ISA/TMG/UAG do scale better than Windows Network Load Balancing but not as well as a Hardware Load Balancer. ISA/TMG/UAG does not cost as much as a Hardware Load Balancer but is more expensive than Windows Network Load Balancing. ISA/TMG/UAG also has the capability to do Load Balanced created cookies as well as Source IP Affinity depending on the protocol ISA/TMG/UAG is publishing.
Another upside to using ISA/TMG/UAG is that they can do pre-authentication. This means that if a server goes down in which a client has affinity to, ISA/TMG/UAG still contains the authentication context of the user and automatically re-authenticates to the new Client Access Server.
DNS Round Robin
DNS Round Robin scales just as high as Hardware Load Balancers because the connections will just go directly to the Client Access Servers.
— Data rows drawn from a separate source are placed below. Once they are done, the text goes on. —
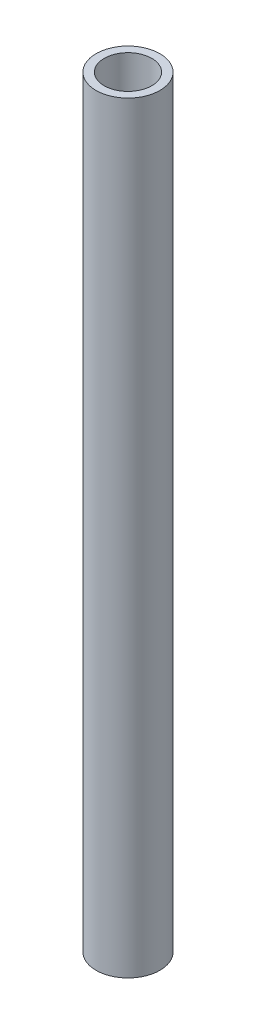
ISO-10303-21;
HEADER;
FILE_DESCRIPTION(('STEP AP214'),'2;1');
FILE_NAME('part.step','',(''),(''),'','','');
FILE_SCHEMA(('AUTOMOTIVE_DESIGN { 1 0 10303 214 1 1 1 1 }'));
ENDSEC;
DATA;
#1=APPLICATION_CONTEXT('core data for automotive mechanical design processes');
#2=APPLICATION_PROTOCOL_DEFINITION('international standard','automotive_design',2000,#1);
#3=PRODUCT_CONTEXT('',#1,'mechanical');
#4=PRODUCT('Part','Part','',(#3));
#5=PRODUCT_RELATED_PRODUCT_CATEGORY('part','',(#4));
#6=PRODUCT_DEFINITION_FORMATION('','',#4);
#7=PRODUCT_DEFINITION_CONTEXT('part definition',#1,'design');
#8=PRODUCT_DEFINITION('design','',#6,#7);
#9=PRODUCT_DEFINITION_SHAPE('','',#8);
#10=(LENGTH_UNIT() NAMED_UNIT(*) SI_UNIT(.MILLI.,.METRE.));
#11=(NAMED_UNIT(*) PLANE_ANGLE_UNIT() SI_UNIT($,.RADIAN.));
#12=(NAMED_UNIT(*) SI_UNIT($,.STERADIAN.) SOLID_ANGLE_UNIT());
#13=UNCERTAINTY_MEASURE_WITH_UNIT(LENGTH_MEASURE(1.E-05),#10,'distance_accuracy_value','');
#14=(GEOMETRIC_REPRESENTATION_CONTEXT(3) GLOBAL_UNCERTAINTY_ASSIGNED_CONTEXT((#13)) GLOBAL_UNIT_ASSIGNED_CONTEXT((#10,
#11,#12)) REPRESENTATION_CONTEXT('',''));
#15=CARTESIAN_POINT('',(0.,0.,0.));
#16=DIRECTION('',(0.,0.,1.));
#17=DIRECTION('',(1.,0.,0.));
#18=AXIS2_PLACEMENT_3D('',#15,#16,#17);
#19=CARTESIAN_POINT('',(0.,95.25,0.));
#20=DIRECTION('',(0.,1.,0.));
#21=DIRECTION('',(0.,0.,1.));
#22=AXIS2_PLACEMENT_3D('',#19,#20,#21);
#23=PLANE('',#22);
#24=CARTESIAN_POINT('',(0.,95.25,0.));
#25=DIRECTION('',(0.,1.,0.));
#26=DIRECTION('',(0.,0.,1.));
#27=AXIS2_PLACEMENT_3D('',#24,#25,#26);
#28=CIRCLE('',#27,3.9878);
#29=CARTESIAN_POINT('',(0.,95.25,3.9878));
#30=VERTEX_POINT('',#29);
#31=EDGE_CURVE('E10',#30,#30,#28,.T.);
#32=ORIENTED_EDGE('',*,*,#31,.T.);
#33=EDGE_LOOP('',(#32));
#34=FACE_BOUND('',#33,.T.);
#35=CARTESIAN_POINT('',(0.,95.25,0.));
#36=DIRECTION('',(0.,1.,0.));
#37=DIRECTION('',(0.,0.,1.));
#38=AXIS2_PLACEMENT_3D('',#35,#36,#37);
#39=CIRCLE('',#38,2.9718);
#40=CARTESIAN_POINT('',(0.,95.25,2.9718));
#41=VERTEX_POINT('',#40);
#42=EDGE_CURVE('E52',#41,#41,#39,.T.);
#43=ORIENTED_EDGE('',*,*,#42,.F.);
#44=EDGE_LOOP('',(#43));
#45=FACE_BOUND('',#44,.T.);
#46=ADVANCED_FACE('F39',(#34,#45),#23,.T.);
#47=CARTESIAN_POINT('',(0.,0.,0.));
#48=DIRECTION('',(0.,1.,0.));
#49=DIRECTION('',(0.,0.,1.));
#50=AXIS2_PLACEMENT_3D('',#47,#48,#49);
#51=PLANE('',#50);
#52=CARTESIAN_POINT('',(0.,0.,0.));
#53=DIRECTION('',(0.,1.,0.));
#54=DIRECTION('',(0.,0.,1.));
#55=AXIS2_PLACEMENT_3D('',#52,#53,#54);
#56=CIRCLE('',#55,3.9878);
#57=CARTESIAN_POINT('',(0.,0.,3.9878));
#58=VERTEX_POINT('',#57);
#59=EDGE_CURVE('E43',#58,#58,#56,.T.);
#60=ORIENTED_EDGE('',*,*,#59,.F.);
#61=EDGE_LOOP('',(#60));
#62=FACE_BOUND('',#61,.T.);
#63=CARTESIAN_POINT('',(0.,0.,0.));
#64=DIRECTION('',(0.,1.,0.));
#65=DIRECTION('',(0.,0.,1.));
#66=AXIS2_PLACEMENT_3D('',#63,#64,#65);
#67=CIRCLE('',#66,2.9718);
#68=CARTESIAN_POINT('',(0.,0.,2.9718));
#69=VERTEX_POINT('',#68);
#70=EDGE_CURVE('E54',#69,#69,#67,.T.);
#71=ORIENTED_EDGE('',*,*,#70,.T.);
#72=EDGE_LOOP('',(#71));
#73=FACE_BOUND('',#72,.T.);
#74=ADVANCED_FACE('F66',(#62,#73),#51,.F.);
#75=CARTESIAN_POINT('',(0.,95.25,0.));
#76=DIRECTION('',(0.,-1.,0.));
#77=DIRECTION('',(0.,0.,-1.));
#78=AXIS2_PLACEMENT_3D('',#75,#76,#77);
#79=CYLINDRICAL_SURFACE('',#78,3.9878);
#80=ORIENTED_EDGE('',*,*,#31,.F.);
#81=EDGE_LOOP('',(#80));
#82=FACE_BOUND('',#81,.T.);
#83=ORIENTED_EDGE('',*,*,#59,.T.);
#84=EDGE_LOOP('',(#83));
#85=FACE_BOUND('',#84,.T.);
#86=ADVANCED_FACE('F41',(#82,#85),#79,.T.);
#87=CARTESIAN_POINT('',(0.,95.25,0.));
#88=DIRECTION('',(0.,-1.,0.));
#89=DIRECTION('',(0.,0.,-1.));
#90=AXIS2_PLACEMENT_3D('',#87,#88,#89);
#91=CYLINDRICAL_SURFACE('',#90,2.9718);
#92=ORIENTED_EDGE('',*,*,#42,.T.);
#93=EDGE_LOOP('',(#92));
#94=FACE_BOUND('',#93,.T.);
#95=ORIENTED_EDGE('',*,*,#70,.F.);
#96=EDGE_LOOP('',(#95));
#97=FACE_BOUND('',#96,.T.);
#98=ADVANCED_FACE('F62',(#94,#97),#91,.F.);
#99=CLOSED_SHELL('',(#46,#74,#86,#98));
#100=MANIFOLD_SOLID_BREP('B2',#99);
#101=ADVANCED_BREP_SHAPE_REPRESENTATION('',(#18,#100),#14);
#102=SHAPE_DEFINITION_REPRESENTATION(#9,#101);
ENDSEC;
END-ISO-10303-21;

If anything, it has the highest scale as you don’t have anything in the middle doing anything with the connections. It’s also free to use! But in this case, free is not necessarily good because you lose a lot of functionality. Hardware Load Balancers, Windows Network Load Balancers, and ISA/TMG/UAG all have the capability to detect server failures and automatically stop sending to the server and direct all traffic to a server that is operational.
DNS Round Robin has no automatic server failure detection. If a host goes down, an Administrator will need to realize it, remove the DNS A/HOST Record for the server that went down, and then clients will have to wait for the TTL value on the old DNS record to expire. When that happens, the client will begin connecting to the proper server. So you save a lot of money going with this option, but you lose all automation and gain downtime instead.